I've always hated the idea of blogging. The thought of people reading anything I may think, feel or do, makes me cringe...literally. In all honesty, I am not exactly sure why I chose to make one of these things. I think it's this newly-created fantasy I've created for myself. What's the fantasy? Well, I have this half-thought-out hope that my all of my post-graduate experiences will have only one purpose: to have absolutely no purpose.Or rather, to not have what I once thought was a purpose, what I thought was stability. This blog is meant to have no purpose: I don't actually think anyone gives a damn about what I have to say; I don't think I'm hear to preach, teach, or enlighten; I'm not showing you how awesome, life changing, or beautiful something is. Nope, this has no purpose except to have no purpose. This shit-show we call post-graduation has shown me that all those half-assed goals I tried to nail down into my brain with a nail that couldn't quite fit were just goals I thought I should have in a society that pressures everyone to have the house built by the time you are 25. So fuck it, I'm tearing down my metaphorical half-built house on no base. I'm starting from scratch. I'm digging up my house and going straight for the roots. My roots actually.
So, I'm in Mexico. Yah, I know, I've heard that before and rolled my eyes too. Like I said, writing this shit out in a blog post never sounds as profound as you think of it in your head. Not for me, not for anyone. I'm sure that's a kind of problem with revealing something internal that maybe can't be placed within the context you find yourself. I guess more simply, blogging is an issue of revealing your identity. (Not in the Clark Kent way obvi). So--actually, I take it back. This blog does have a purpose. It is to help contribute to me facing my identity during this time in Mexico.
My identity is all fucked up. Mostly because I can't decide what it is. I lost my roots sometime in the past 22 years. When you think of roots, you think of the beginning of a being. Roots are the bases from which things grow. To not have a root is stunt growth, to kill something. Since I was young, I was chopping down at my Mexican roots, in an effort to survive in the American context I was in. Here was my logic: I see Mexican guys treating girls like shit, I'm going to date white dudes, I see half the Latino kids getting into trouble with their friends, Im going to hang out with white kids, I see people American culture as revered while Mexican culture is shunned, I'm going to reject my Mexican traditions. Its some fucked up logic, but it was the subconscious mentality I embraced growing up until the end of my college years. Of course, as an adolescent I didn't realized that all those observances that caused me to throw my Mexican-ness out the window were outcomes of a system of structural inequality and racism in America targeted at people of color. I didn't know what half those words meant when I was twelve.

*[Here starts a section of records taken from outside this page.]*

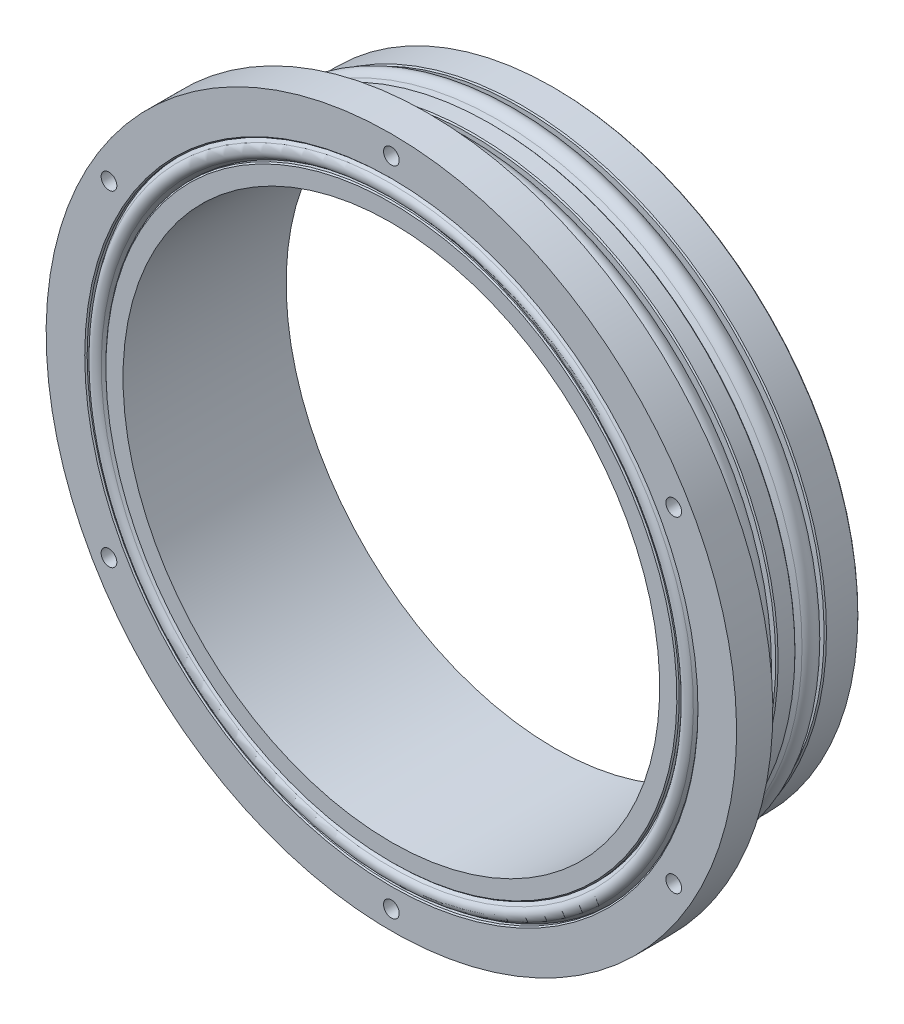
ISO-10303-21;
HEADER;
FILE_DESCRIPTION(('STEP AP214'),'2;1');
FILE_NAME('part.step','',(''),(''),'','','');
FILE_SCHEMA(('AUTOMOTIVE_DESIGN { 1 0 10303 214 1 1 1 1 }'));
ENDSEC;
DATA;
#1=APPLICATION_CONTEXT('core data for automotive mechanical design processes');
#2=APPLICATION_PROTOCOL_DEFINITION('international standard','automotive_design',2000,#1);
#3=PRODUCT_CONTEXT('',#1,'mechanical');
#4=PRODUCT('Part','Part','',(#3));
#5=PRODUCT_RELATED_PRODUCT_CATEGORY('part','',(#4));
#6=PRODUCT_DEFINITION_FORMATION('','',#4);
#7=PRODUCT_DEFINITION_CONTEXT('part definition',#1,'design');
#8=PRODUCT_DEFINITION('design','',#6,#7);
#9=PRODUCT_DEFINITION_SHAPE('','',#8);
#10=(LENGTH_UNIT() NAMED_UNIT(*) SI_UNIT(.MILLI.,.METRE.));
#11=(NAMED_UNIT(*) PLANE_ANGLE_UNIT() SI_UNIT($,.RADIAN.));
#12=(NAMED_UNIT(*) SI_UNIT($,.STERADIAN.) SOLID_ANGLE_UNIT());
#13=UNCERTAINTY_MEASURE_WITH_UNIT(LENGTH_MEASURE(1.E-05),#10,'distance_accuracy_value','');
#14=(GEOMETRIC_REPRESENTATION_CONTEXT(3) GLOBAL_UNCERTAINTY_ASSIGNED_CONTEXT((#13)) GLOBAL_UNIT_ASSIGNED_CONTEXT((#10,
#11,#12)) REPRESENTATION_CONTEXT('',''));
#15=CARTESIAN_POINT('',(0.,0.,0.));
#16=DIRECTION('',(0.,0.,1.));
#17=DIRECTION('',(1.,0.,0.));
#18=AXIS2_PLACEMENT_3D('',#15,#16,#17);
#19=CARTESIAN_POINT('',(0.,44.419,0.));
#20=DIRECTION('',(0.,0.,-1.));
#21=DIRECTION('',(0.,1.,0.));
#22=AXIS2_PLACEMENT_3D('',#19,#20,#21);
#23=PLANE('',#22);
#24=CARTESIAN_POINT('',(0.,-46.99,0.));
#25=DIRECTION('',(0.,0.,-1.));
#26=DIRECTION('',(0.,1.,0.));
#27=AXIS2_PLACEMENT_3D('',#24,#25,#26);
#28=CIRCLE('',#27,1.3);
#29=CARTESIAN_POINT('',(0.,-45.69,0.));
#30=VERTEX_POINT('',#29);
#31=EDGE_CURVE('E239',#30,#30,#28,.T.);
#32=ORIENTED_EDGE('',*,*,#31,.F.);
#33=EDGE_LOOP('',(#32));
#34=FACE_BOUND('',#33,.T.);
#35=CARTESIAN_POINT('',(-46.99,0.,0.));
#36=DIRECTION('',(0.,0.,-1.));
#37=DIRECTION('',(0.,1.,0.));
#38=AXIS2_PLACEMENT_3D('',#35,#36,#37);
#39=CIRCLE('',#38,1.3);
#40=CARTESIAN_POINT('',(-46.99,1.3,0.));
#41=VERTEX_POINT('',#40);
#42=EDGE_CURVE('E231',#41,#41,#39,.T.);
#43=ORIENTED_EDGE('',*,*,#42,.F.);
#44=EDGE_LOOP('',(#43));
#45=FACE_BOUND('',#44,.T.);
#46=CARTESIAN_POINT('',(0.,46.99,0.));
#47=DIRECTION('',(0.,0.,-1.));
#48=DIRECTION('',(0.,1.,0.));
#49=AXIS2_PLACEMENT_3D('',#46,#47,#48);
#50=CIRCLE('',#49,1.3);
#51=CARTESIAN_POINT('',(0.,48.29,0.));
#52=VERTEX_POINT('',#51);
#53=EDGE_CURVE('E223',#52,#52,#50,.T.);
#54=ORIENTED_EDGE('',*,*,#53,.F.);
#55=EDGE_LOOP('',(#54));
#56=FACE_BOUND('',#55,.T.);
#57=CARTESIAN_POINT('',(46.99,0.,0.));
#58=DIRECTION('',(0.,0.,-1.));
#59=DIRECTION('',(0.,1.,0.));
#60=AXIS2_PLACEMENT_3D('',#57,#58,#59);
#61=CIRCLE('',#60,1.3);
#62=CARTESIAN_POINT('',(46.99,1.3,0.));
#63=VERTEX_POINT('',#62);
#64=EDGE_CURVE('E215',#63,#63,#61,.T.);
#65=ORIENTED_EDGE('',*,*,#64,.F.);
#66=EDGE_LOOP('',(#65));
#67=FACE_BOUND('',#66,.T.);
#68=CARTESIAN_POINT('',(0.,0.,0.));
#69=DIRECTION('',(0.,0.,-1.));
#70=DIRECTION('',(0.,1.,0.));
#71=AXIS2_PLACEMENT_3D('',#68,#69,#70);
#72=CIRCLE('',#71,50.219);
#73=CARTESIAN_POINT('',(0.,50.219,0.));
#74=VERTEX_POINT('',#73);
#75=EDGE_CURVE('E79',#74,#74,#72,.T.);
#76=ORIENTED_EDGE('',*,*,#75,.T.);
#77=EDGE_LOOP('',(#76));
#78=FACE_BOUND('',#77,.T.);
#79=CARTESIAN_POINT('',(0.,0.,0.));
#80=DIRECTION('',(0.,0.,-1.));
#81=DIRECTION('',(0.,1.,0.));
#82=AXIS2_PLACEMENT_3D('',#79,#80,#81);
#83=CIRCLE('',#82,44.419);
#84=CARTESIAN_POINT('',(0.,44.419,0.));
#85=VERTEX_POINT('',#84);
#86=EDGE_CURVE('E162',#85,#85,#83,.T.);
#87=ORIENTED_EDGE('',*,*,#86,.F.);
#88=EDGE_LOOP('',(#87));
#89=FACE_BOUND('',#88,.T.);
#90=ADVANCED_FACE('F34',(#34,#45,#56,#67,#78,#89),#23,.T.);
#91=CARTESIAN_POINT('',(0.,0.,0.));
#92=DIRECTION('',(0.,0.,-1.));
#93=DIRECTION('',(0.,1.,0.));
#94=AXIS2_PLACEMENT_3D('',#91,#92,#93);
#95=CYLINDRICAL_SURFACE('',#94,50.419);
#96=CARTESIAN_POINT('',(0.,0.,0.199999999999944));
#97=DIRECTION('',(0.,0.,-1.));
#98=DIRECTION('',(0.,1.,0.));
#99=AXIS2_PLACEMENT_3D('',#96,#97,#98);
#100=CIRCLE('',#99,50.419);
#101=CARTESIAN_POINT('',(0.,50.419,0.199999999999951));
#102=VERTEX_POINT('',#101);
#103=EDGE_CURVE('E71',#102,#102,#100,.F.);
#104=ORIENTED_EDGE('',*,*,#103,.T.);
#105=EDGE_LOOP('',(#104));
#106=FACE_BOUND('',#105,.T.);
#107=CARTESIAN_POINT('',(0.,0.,5.387));
#108=DIRECTION('',(0.,0.,1.));
#109=DIRECTION('',(0.,-1.,0.));
#110=AXIS2_PLACEMENT_3D('',#107,#108,#109);
#111=CIRCLE('',#110,50.419);
#112=CARTESIAN_POINT('',(0.,-50.419,5.38699999999999));
#113=VERTEX_POINT('',#112);
#114=EDGE_CURVE('E75',#113,#113,#111,.F.);
#115=ORIENTED_EDGE('',*,*,#114,.T.);
#116=EDGE_LOOP('',(#115));
#117=FACE_BOUND('',#116,.T.);
#118=ADVANCED_FACE('F258',(#106,#117),#95,.T.);
#119=CARTESIAN_POINT('',(0.,49.04105,5.587));
#120=DIRECTION('',(0.,0.,1.));
#121=DIRECTION('',(0.,-1.,0.));
#122=AXIS2_PLACEMENT_3D('',#119,#120,#121);
#123=PLANE('',#122);
#124=CARTESIAN_POINT('',(0.,0.,5.58699999999999));
#125=DIRECTION('',(0.,0.,1.));
#126=DIRECTION('',(0.,-1.,0.));
#127=AXIS2_PLACEMENT_3D('',#124,#125,#126);
#128=CIRCLE('',#127,50.219);
#129=CARTESIAN_POINT('',(0.,-50.219,5.58699999999999));
#130=VERTEX_POINT('',#129);
#131=EDGE_CURVE('E59',#130,#130,#128,.T.);
#132=ORIENTED_EDGE('',*,*,#131,.T.);
#133=EDGE_LOOP('',(#132));
#134=FACE_BOUND('',#133,.T.);
#135=CARTESIAN_POINT('',(0.,0.,5.58699999999999));
#136=DIRECTION('',(0.,0.,-1.));
#137=DIRECTION('',(0.,1.,0.));
#138=AXIS2_PLACEMENT_3D('',#135,#136,#137);
#139=CIRCLE('',#138,49.04105);
#140=CARTESIAN_POINT('',(0.,49.04105,5.587));
#141=VERTEX_POINT('',#140);
#142=EDGE_CURVE('E99',#141,#141,#139,.T.);
#143=ORIENTED_EDGE('',*,*,#142,.T.);
#144=EDGE_LOOP('',(#143));
#145=FACE_BOUND('',#144,.T.);
#146=ADVANCED_FACE('F358',(#134,#145),#123,.T.);
#147=CARTESIAN_POINT('',(0.,0.,5.58699999999999));
#148=DIRECTION('',(0.,0.,1.));
#149=DIRECTION('',(0.,-1.,0.));
#150=AXIS2_PLACEMENT_3D('',#147,#148,#149);
#151=CONICAL_SURFACE('',#150,49.04105,0.966336052037726);
#152=CARTESIAN_POINT('',(0.,0.,6.54749535514835));
#153=DIRECTION('',(0.,0.,-1.));
#154=DIRECTION('',(0.,1.,0.));
#155=AXIS2_PLACEMENT_3D('',#152,#153,#154);
#156=CIRCLE('',#155,50.431651885961);
#157=CARTESIAN_POINT('',(0.,50.431651885961,6.54749535514836));
#158=VERTEX_POINT('',#157);
#159=EDGE_CURVE('E103',#158,#158,#156,.T.);
#160=ORIENTED_EDGE('',*,*,#159,.T.);
#161=EDGE_LOOP('',(#160));
#162=FACE_BOUND('',#161,.T.);
#163=ORIENTED_EDGE('',*,*,#142,.F.);
#164=EDGE_LOOP('',(#163));
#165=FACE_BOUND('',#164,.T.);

Your roots, your identity is not easily given up. Me giving up my Mexican identity is proof of the way identity is negotiated within the context in which you are embedded. Within the dominant American context, the rhetoric we find everyday concerning race and language is that it is inferior to diverge from the dominant white, male, English speaking norm. I mean, for god sakes this kind of shit exists: http://www.youtube.com/watch?v=sEJfS1v-fU0. Especially when children of Mexican parents are found in between two contexts--that of the Mexican setting and that of the American one--it is impossible for a child to fully understand the impact that jumping between two identities, melding two identities, or rejecting an identity can have not only individually, but on the grand scale of socio-political realities within the United States. The history of my ancestors, the luscious traditions found in my family, or the long-established pride of being Mexican in my community, was not enough to stop the history of racism, neo-colonialism, and gloablization in the American context from dominating my psyche. My burned, broken, and cut roots are evidence of modern colonialism that we ignore.
I'm tired of being ignorant to it.
Welcome to my journey to replant the fruit of my ancestors' labor. I welcome you to join the movement.